Verstraeten Maïté, Lefere Sander, Raevens Sarah
Department of Gastroenterology and Hepatology, Ghent University Hospital, Ghent, Belgium.
Hepatology Research Unit, Department of Internal Medicine and Pediatrics, Liver Research Center, Ghent University, Ghent, Belgium.
Acta Clin Belg. 2024 Oct;79(5):384-391. doi: 10.1080/17843286.2025.2456697. Epub 2025 Jan 28.

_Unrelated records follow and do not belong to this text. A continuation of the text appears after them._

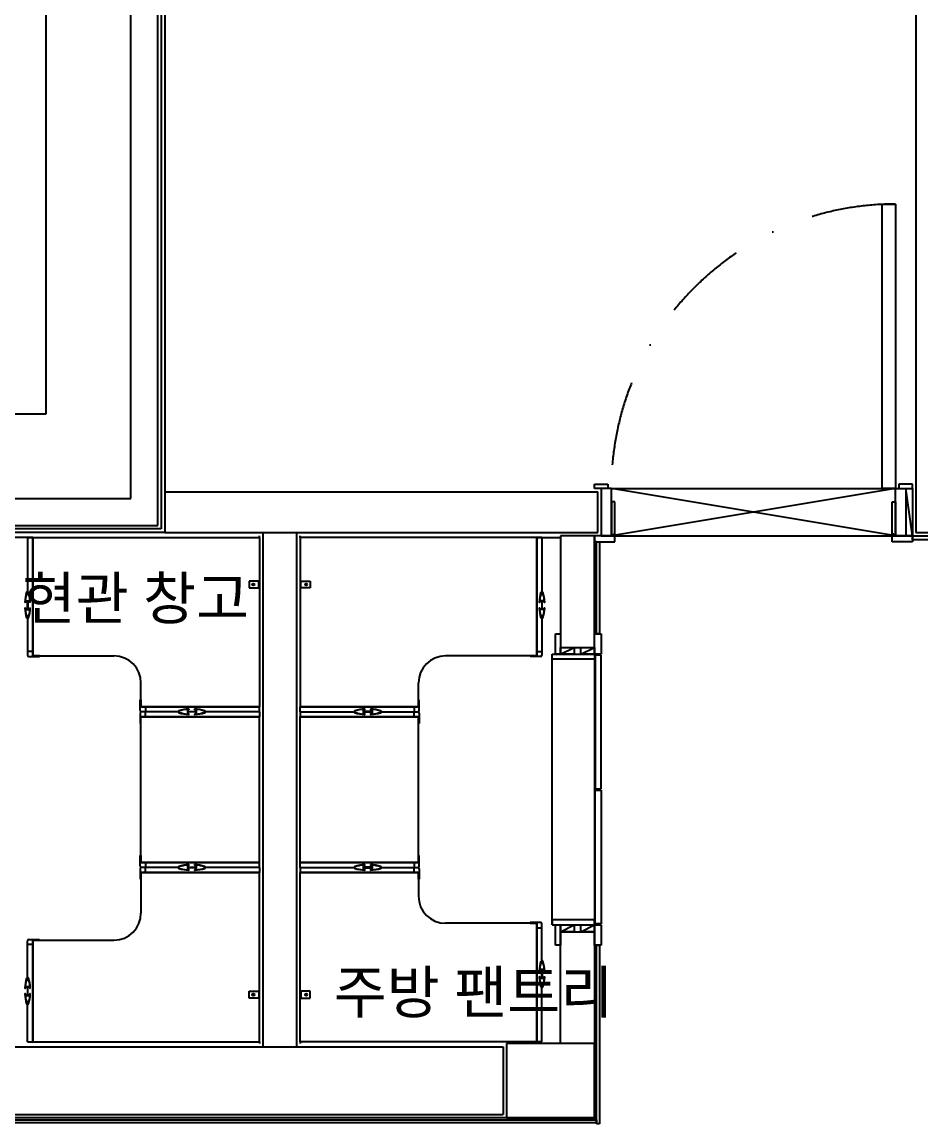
# Model space of a CAD drawing. Header units: millimetres. Extents: x -33000 to 294000, y 0 to 42408.
# Drawn here: x 11788 to 14445, y 16367 to 19622 of the extents above; entities that cross this region are included whole.
import ezdxf
from ezdxf.enums import TextEntityAlignment as Align

# ---------------------------------------------------------------- set-up
doc = ezdxf.new("R2010")
doc.units = ezdxf.units.MM
doc.header["$LTSCALE"] = 50
doc.linetypes.add('DASHDOTX2', pattern=[2, 1, -0.5, 0, -0.5])
doc.layers.add('arch', color=8, linetype='Continuous')
doc.layers.add('실명', color=9, linetype='Continuous')
doc.styles.add('FORTELINE', font='malgun.ttf')

msp = doc.modelspace()

# ---------------------------------------------------------------- linework, layer by layer
at = {"layer": 'arch'}
for p, q in [((11859.6, 18464.5), (11859.6, 21254.5)), ((12109.6, 18214.5), (12109.6, 21034.5)), ((12189.6, 18134.5), (12189.6, 20919.5)), ((12199.6, 20909.5), (12199.6, 18124.5)), ((12209.6, 20899.5), (12209.6, 18114.5)), ((11609.6, 18464.5), (11859.6, 18464.5)), ((13479.6, 18256.5), (13519.6, 18256.5)), ((13479.6, 18244.5), (13479.6, 18256.5)), ((13519.6, 18244.5), (13479.6, 18244.5)), ((13529.6, 18244.5), (13499.6, 18244.5)), ((13499.6, 18244.5), (13499.6, 18104.5)), ((13519.6, 18256.5), (13519.6, 18244.5)), ((13529.6, 18104.5), (13529.6, 18244.5)), ((14369.6, 18104.5), (13529.6, 18244.5)), ((13529.6, 18244.5), (14369.6, 18244.5)), ((14369.6, 18244.5), (13529.6, 18104.5)), ((14369.6, 18244.5), (14399.6, 18244.5)), ((14369.6, 18104.5), (14369.6, 18244.5)), ((14419.6, 18256.5), (14379.6, 18256.5)), ((14379.6, 18256.5), (14379.6, 18244.5)), ((14379.6, 18244.5), (14419.6, 18244.5)), ((14399.6, 18244.5), (14419.6, 18244.5)), ((14419.6, 18104.5), (14399.6, 18244.5)), ((14399.6, 18244.5), (14399.6, 18104.5)), ((14419.6, 18244.5), (14419.6, 18256.5)), ((14419.6, 18244.5), (14419.6, 18104.5)), ((11709.6, 18214.5), (12109.6, 18214.5)), ((13539.6, 18204.5), (13529.6, 18204.5)), ((13529.6, 18204.5), (13529.6, 18104.5)), ((13539.6, 18109.5), (13539.6, 18204.5)), ((14359.6, 18109.5), (14359.6, 18204.5)), ((14359.6, 18204.5), (14369.6, 18204.5)), ((14369.6, 18204.5), (14369.6, 18104.5)), ((12209.6, 18114.5), (11609.6, 18114.5)), ((12199.6, 18124.5), (11619.6, 18124.5)), ((11629.6, 18134.5), (12189.6, 18134.5)), ((12489.6, 18099.5), (12489.6, 18104.5)), ((12609.6, 18099.5), (12609.6, 18104.5)), ((13479.6, 18104.5), (13379.6, 18104.5)), ((13379.6, 18104.5), (13379.6, 17774.5)), ((13479.6, 17774.5), (13479.6, 18104.5)), ((13499.6, 18104.5), (13529.6, 18104.5)), ((13529.6, 18104.5), (13534.6, 18104.5)), ((13529.6, 18104.5), (14369.6, 18104.5)), ((13534.6, 18104.5), (13534.6, 18109.5)), ((13534.6, 18109.5), (13539.6, 18109.5)), ((14364.6, 18109.5), (14359.6, 18109.5)), ((14364.6, 18104.5), (14364.6, 18109.5)), ((14369.6, 18104.5), (14364.6, 18104.5)), ((14399.6, 18104.5), (14369.6, 18104.5)), ((14419.6, 18104.5), (14399.6, 18104.5)), ((14419.5, 18092.5), (14419.5, 18104.5)), ((14419.5, 18104.5), (14579.5, 18104.5)), ((11819.6, 18099.5), (11749.6, 18099.5)), ((11804.6, 18099.5), (11804.6, 17939.5)), ((11804.6, 18099.5), (11819.6, 18099.5)), ((11819.6, 18099.5), (12489.6, 18099.5)), ((11819.6, 17754.5), (11819.6, 18099.5)), ((11819.6, 18099.5), (11819.6, 17749.5)), ((12489.6, 18099.5), (12489.6, 17599.5)), ((13309.6, 18099.5), (12609.6, 18099.5)), ((12609.6, 18099.5), (12609.6, 17599.5)), ((13309.6, 17754.5), (13309.6, 18099.5)), ((13309.6, 18099.5), (13309.6, 17749.5)), ((13324.6, 18099.5), (13309.6, 18099.5)), ((13309.6, 18099.5), (13379.6, 18099.5)), ((13324.6, 18099.5), (13324.6, 17939.5)), ((13485.6, 18086.5), (13479.6, 18086.5)), ((13479.6, 18086.5), (13479.6, 17814.5)), ((13485.6, 18086.5), (13494.6, 18086.5)), ((13485.6, 17814.5), (13485.6, 18086.5)), ((13494.6, 18086.5), (13494.6, 17814.5)), ((14579.5, 18092.5), (14419.5, 18092.5)), ((12489.6, 17970.6), (12459.6, 17970.6)), ((12459.6, 17970.6), (12459.6, 17950.6)), ((12459.6, 17950.6), (12489.6, 17950.6)), ((12487.6, 17950.6), (12487.6, 17970.6)), ((12609.6, 17970.6), (12639.6, 17970.6)), ((12639.6, 17950.6), (12609.6, 17950.6)), ((12611.6, 17950.6), (12611.6, 17970.6)), ((12639.6, 17970.6), (12639.6, 17950.6)), ((11797.9, 17908), (11797.1, 17908)), ((11797.8, 17912.5), (11811.4, 17912.5)), ((11803.8, 17911.5), (11798.4, 17911.5)), ((11798.4, 17911.5), (11798.4, 17908.5)), ((11803.8, 17887.5), (11803.8, 17911.5)), ((11810.8, 17911.5), (11805.3, 17911.5)), ((11805.3, 17911.5), (11805.3, 17887.5)), ((11810.8, 17908.5), (11810.8, 17911.5)), ((11812.1, 17908), (11811.3, 17908)), ((13317.1, 17908), (13317.9, 17908)), ((13331.4, 17912.5), (13317.8, 17912.5)), ((13318.4, 17908.5), (13318.4, 17911.5)), ((13318.4, 17911.5), (13323.8, 17911.5)), ((13323.8, 17911.5), (13323.8, 17887.5)), ((13325.3, 17887.5), (13325.3, 17911.5)), ((13325.3, 17911.5), (13330.8, 17911.5)), ((13330.8, 17911.5), (13330.8, 17908.5)), ((13331.3, 17908), (13332.1, 17908)), ((11797.1, 17891), (11797.9, 17891)), ((11797.8, 17886.5), (11811.4, 17886.5)), ((11798.4, 17890.5), (11798.4, 17887.5)), ((11798.4, 17887.5), (11803.8, 17887.5)), ((11805.3, 17887.5), (11810.8, 17887.5)), ((11810.8, 17887.5), (11810.8, 17890.5)), ((11811.3, 17891), (11812.1, 17891)), ((13317.9, 17891), (13317.1, 17891)), ((13331.4, 17886.5), (13317.8, 17886.5)), ((13318.4, 17887.5), (13318.4, 17890.5)), ((13323.8, 17887.5), (13318.4, 17887.5)), ((13330.8, 17887.5), (13325.3, 17887.5)), ((13330.8, 17890.5), (13330.8, 17887.5)), ((13332.1, 17891), (13331.3, 17891)), ((11804.6, 17859.5), (11804.6, 17751.5)), ((13324.6, 17859.5), (13324.6, 17751.5)), ((13364.5, 17754.5), (13364.5, 17814.5)), ((13364.5, 17814.5), (13379.5, 17814.5)), ((13379.5, 17814.5), (13379.5, 17754.5)), ((13479.5, 17754.5), (13479.5, 17814.5)), ((13479.5, 17814.5), (13499.5, 17814.5)), ((13479.6, 17814.5), (13485.6, 17814.5)), ((13494.6, 17814.5), (13485.6, 17814.5)), ((13499.5, 17814.5), (13499.5, 17754.5)), ((11804.6, 17762.5), (11804.6, 17751.5)), ((11819.6, 17762.5), (11804.6, 17762.5)), ((11808.6, 17747.5), (11839.3, 17747.5)), ((11819.6, 17749.5), (11819.6, 17762.5)), ((11819.6, 17749.5), (12059.6, 17749.5)), ((11839.6, 17749.5), (11819.6, 17749.5)), ((11839.3, 17747.5), (11839.6, 17749.5)), ((13309.6, 17749.5), (13039.6, 17749.5)), ((13289.8, 17747.5), (13289.6, 17749.5)), ((13289.6, 17749.5), (13309.6, 17749.5)), ((13320.6, 17747.5), (13289.8, 17747.5)), ((13309.6, 17749.5), (13309.6, 17762.5)), ((13309.6, 17762.5), (13324.6, 17762.5)), ((13324.6, 17762.5), (13324.6, 17751.5)), ((13354.5, 16954.5), (13354.5, 17754.5)), ((13354.5, 17754.5), (13479.5, 17754.5)), ((13354.5, 17739.5), (13354.5, 17754.5)), ((13379.5, 17754.5), (13364.5, 17754.5)), ((13379.5, 17774.5), (13419.5, 17774.5)), ((13379.5, 17754.5), (13379.5, 17774.5)), ((13379.5, 17754.5), (13419.5, 17774.5)), ((13419.5, 17754.5), (13379.5, 17754.5)), ((13379.6, 17774.5), (13479.6, 17774.5)), ((13419.5, 17774.5), (13419.5, 17754.5)), ((13439.5, 17774.5), (13479.5, 17774.5)), ((13439.5, 17754.5), (13439.5, 17774.5)), ((13439.5, 17754.5), (13479.5, 17774.5)), ((13479.5, 17754.5), (13439.5, 17754.5)), ((13479.5, 17774.5), (13479.5, 17754.5)), ((13479.5, 17754.5), (13479.5, 16954.5)), ((13479.5, 17754.5), (13479.5, 17739.5)), ((13499.5, 17754.5), (13479.5, 17754.5)), ((13499.5, 17751.5), (13481.5, 17751.5)), ((13481.5, 17751.5), (13481.5, 17356.5)), ((13499.5, 17356.5), (13499.5, 17751.5)), ((13479.5, 17739.5), (13354.5, 17739.5)), ((12139.6, 17599.5), (12139.6, 17669.5)), ((12959.6, 17599.5), (12959.6, 17669.5)), ((12137.6, 17619.3), (12139.6, 17619.5)), ((12137.6, 17588.5), (12137.6, 17619.3)), ((12139.6, 17619.5), (12139.6, 17599.5)), ((12961.6, 17619.3), (12959.6, 17619.5)), ((12959.6, 17619.5), (12959.6, 17599.5)), ((12961.6, 17588.5), (12961.6, 17619.3)), ((12139.6, 17599.5), (12489.6, 17599.5)), ((12489.6, 17599.5), (12139.6, 17599.5)), ((12139.6, 17599.5), (12152.6, 17599.5)), ((12249.6, 17584.5), (12141.6, 17584.5)), ((12152.6, 17584.5), (12141.6, 17584.5)), ((12249.6, 17584.5), (12141.6, 17584.5)), ((12152.6, 17584.5), (12141.6, 17584.5)), ((12144.6, 17599.5), (12489.6, 17599.5)), ((12152.6, 17599.5), (12152.6, 17584.5)), ((12152.6, 17569.5), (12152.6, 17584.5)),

Hepatopulmonary syndrome (HPS) and portopulmonary hypertension (POPH) are two distinct pulmonary vascular complications seen in patients with liver disease and/or portal hypertension. HPS is characterized by disturbed gas exchange and hypoxemia because of intrapulmonary vascular dilatations. POPH is defined by pulmonary arterial hypertension, which might lead to right heart failure. HPS affects up to 30% of patients with end-stage liver disease requiring liver transplantation. POPH is rarer and affects 1-5% of this patient population. If not recognized and left untreated, these disorders result in significant mortality. This review provides an update on HPS and POPH and discusses their clinical characteristics, screening and diagnostic modalities, and management, including the place of liver transplantation.
肝肺综合征(HPS)和门脉性肺动脉高压(POPH)是肝病和/或门脉高压患者中出现的两种不同的肺血管并发症。HPS的特征是由于肺内血管扩张导致气体交换紊乱和低氧血症。POPH由肺动脉高压定义,这可能导致右心衰竭。HPS影响高达30%需要肝移植的终末期肝病患者。POPH较为罕见,影响该患者群体的1%-5%。如果未被识别且未得到治疗,这些疾病会导致显著的死亡率。本综述提供了关于HPS和POPH的最新信息,并讨论了它们的临床特征、筛查和诊断方法以及管理,包括肝移植的地位。